**Aim of the task:** Where the data below begins, start duplicating lines exactly, and finish with the line containing "#2334 = LINE ( 'NONE', #22586, #20584 ) ;"; add nothing else. Leave the pictures out.

**Input data:**
<<<<
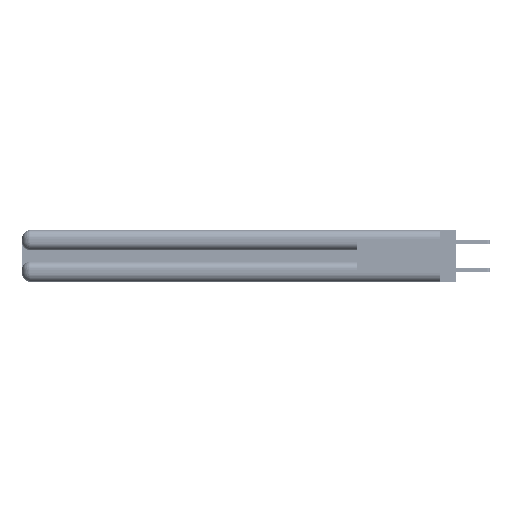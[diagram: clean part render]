
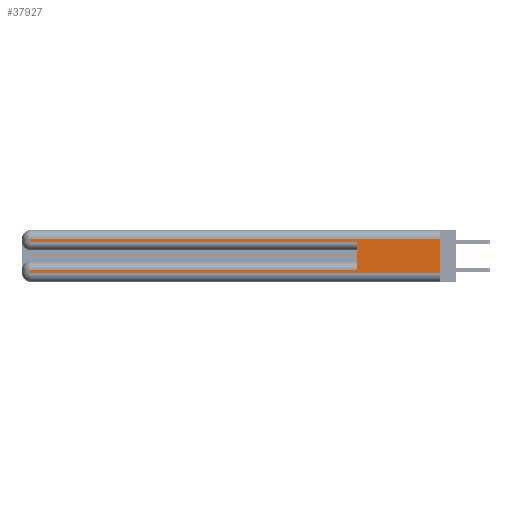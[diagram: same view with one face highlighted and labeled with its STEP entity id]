
A CAD part, left-side view. The second image highlights one B-rep face of the part: STEP entity #37927.
In plain terms, the highlighted planar face has unit normal (-1, 0, 0).
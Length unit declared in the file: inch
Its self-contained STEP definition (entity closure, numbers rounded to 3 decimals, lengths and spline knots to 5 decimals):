
#1482 = VECTOR ( 'NONE', #9272, 39.37008 ) ;
#1740 = VECTOR ( 'NONE', #40676, 39.37008 ) ;
#1750 = CARTESIAN_POINT ( 'NONE',  ( 0., 0., 0.37 ) ) ;
#2334 = LINE ( 'NONE', #22586, #20584 ) ;
#2659 = VECTOR ( 'NONE', #18736, 39.37008 ) ;
#2920 = EDGE_CURVE ( 'NONE', #36948, #11489, #13019, .T. ) ;
#3094 = ORIENTED_EDGE ( 'NONE', *, *, #50283, .T. ) ;
#6210 = DIRECTION ( 'NONE',  ( 1., 0., 0. ) ) ;
#6215 = VERTEX_POINT ( 'NONE', #8320 ) ;
#7498 = LINE ( 'NONE', #49175, #14138 ) ;
#8179 = FACE_OUTER_BOUND ( 'NONE', #17985, .T. ) ;
#8320 = CARTESIAN_POINT ( 'NONE',  ( 0., 0.6, 0.085 ) ) ;
#9272 = DIRECTION ( 'NONE',  ( 0., 0., 1. ) ) ;
#9400 = LINE ( 'NONE', #34789, #41821 ) ;
#9574 = CARTESIAN_POINT ( 'NONE',  ( 0., 2.94, 0.37 ) ) ;
#10704 = EDGE_CURVE ( 'NONE', #6215, #29400, #27121, .T. ) ;
#10800 = CARTESIAN_POINT ( 'NONE',  ( 0., 0., 0.06 ) ) ;
#11262 = CARTESIAN_POINT ( 'NONE',  ( 0., 0.6, 0.285 ) ) ;
#11489 = VERTEX_POINT ( 'NONE', #13937 ) ;
#11749 = EDGE_CURVE ( 'NONE', #32724, #18709, #9400, .T. ) ;
#13019 = LINE ( 'NONE', #10800, #2659 ) ;
#13333 = PLANE ( 'NONE',  #33573 ) ;
#13937 = CARTESIAN_POINT ( 'NONE',  ( 0., 0., 0.06 ) ) ;
#14116 = DIRECTION ( 'NONE',  ( 0., 1., 0. ) ) ;
#14138 = VECTOR ( 'NONE', #14116, 39.37008 ) ;
#14234 = ORIENTED_EDGE ( 'NONE', *, *, #34036, .T. ) ;
#15046 = VERTEX_POINT ( 'NONE', #24723 ) ;
#15245 = ORIENTED_EDGE ( 'NONE', *, *, #48876, .T. ) ;
#17234 = DIRECTION ( 'NONE',  ( 0., 0., -1. ) ) ;
#17844 = ORIENTED_EDGE ( 'NONE', *, *, #2920, .T. ) ;
#17985 = EDGE_LOOP ( 'NONE', ( #25934, #21832, #20643, #14234, #43233, #15245, #3094, #17844 ) ) ;
#17999 = CARTESIAN_POINT ( 'NONE',  ( 0., 0., 0.37 ) ) ;
#18321 = DIRECTION ( 'NONE',  ( 0., -1., 0. ) ) ;
#18709 = VERTEX_POINT ( 'NONE', #38004 ) ;
#18736 = DIRECTION ( 'NONE',  ( 0., -1., 0. ) ) ;
#19218 = EDGE_CURVE ( 'NONE', #18709, #15046, #37867, .T. ) ;
#20340 = EDGE_CURVE ( 'NONE', #32724, #11489, #42499, .T. ) ;
#20584 = VECTOR ( 'NONE', #18321, 39.37008 ) ;
#20643 = ORIENTED_EDGE ( 'NONE', *, *, #19218, .T. ) ;
#21832 = ORIENTED_EDGE ( 'NONE', *, *, #11749, .T. ) ;
#22586 = CARTESIAN_POINT ( 'NONE',  ( 0., 0., 0.285 ) ) ;
#24374 = VERTEX_POINT ( 'NONE', #27128 ) ;
#24723 = CARTESIAN_POINT ( 'NONE',  ( 0., 2.94, 0.285 ) ) ;
#25840 = VECTOR ( 'NONE', #49998, 39.37008 ) ;
#25934 = ORIENTED_EDGE ( 'NONE', *, *, #20340, .F. ) ;
#27121 = LINE ( 'NONE', #36448, #1482 ) ;
#27128 = CARTESIAN_POINT ( 'NONE',  ( 0., 2.94, 0.085 ) ) ;
#29400 = VERTEX_POINT ( 'NONE', #11262 ) ;
#31663 = DIRECTION ( 'NONE',  ( 0., 1., 0. ) ) ;
#32724 = VERTEX_POINT ( 'NONE', #48584 ) ;
#33573 = AXIS2_PLACEMENT_3D ( 'NONE', #1750, #6210, #17234 ) ;
#34036 = EDGE_CURVE ( 'NONE', #15046, #29400, #2334, .T. ) ;
#34789 = CARTESIAN_POINT ( 'NONE',  ( 0., 0., 0.31 ) ) ;
#36448 = CARTESIAN_POINT ( 'NONE',  ( 0., 0.6, 0.145 ) ) ;
#36948 = VERTEX_POINT ( 'NONE', #46621 ) ;
#37867 = LINE ( 'NONE', #9574, #1740 ) ;
#37927 = ADVANCED_FACE ( 'NONE', ( #8179 ), #13333, .F. ) ;
#38004 = CARTESIAN_POINT ( 'NONE',  ( 0., 2.94, 0.31 ) ) ;
#38011 = VECTOR ( 'NONE', #39004, 39.37008 ) ;
#39004 = DIRECTION ( 'NONE',  ( 0., 0., -1. ) ) ;
#40676 = DIRECTION ( 'NONE',  ( 0., 0., -1. ) ) ;
#41821 = VECTOR ( 'NONE', #31663, 39.37008 ) ;
#42499 = LINE ( 'NONE', #17999, #25840 ) ;
#42740 = CARTESIAN_POINT ( 'NONE',  ( 0., 2.94, 0.37 ) ) ;
#43233 = ORIENTED_EDGE ( 'NONE', *, *, #10704, .F. ) ;
#46621 = CARTESIAN_POINT ( 'NONE',  ( 0., 2.94, 0.06 ) ) ;
#47143 = LINE ( 'NONE', #42740, #38011 ) ;
#48584 = CARTESIAN_POINT ( 'NONE',  ( 0., 0., 0.31 ) ) ;
#48876 = EDGE_CURVE ( 'NONE', #6215, #24374, #7498, .T. ) ;
#49175 = CARTESIAN_POINT ( 'NONE',  ( 0., 0., 0.085 ) ) ;
#49998 = DIRECTION ( 'NONE',  ( 0., 0., -1. ) ) ;
#50283 = EDGE_CURVE ( 'NONE', #24374, #36948, #47143, .T. ) ;
>>>>
**Your response:**
[diagram: clean part render]
[diagram: same view with one face highlighted and labeled with its STEP entity id]
A CAD part, left-side view. The second image highlights one B-rep face of the part: STEP entity #37927.
In plain terms, the highlighted planar face has unit normal (-1, 0, 0).
Length unit declared in the file: inch
Its self-contained STEP definition (entity closure, numbers rounded to 3 decimals, lengths and spline knots to 5 decimals):
#1482 = VECTOR ( 'NONE', #9272, 39.37008 ) ;
#1740 = VECTOR ( 'NONE', #40676, 39.37008 ) ;
#1750 = CARTESIAN_POINT ( 'NONE',  ( 0., 0., 0.37 ) ) ;
#2334 = LINE ( 'NONE', #22586, #20584 ) ;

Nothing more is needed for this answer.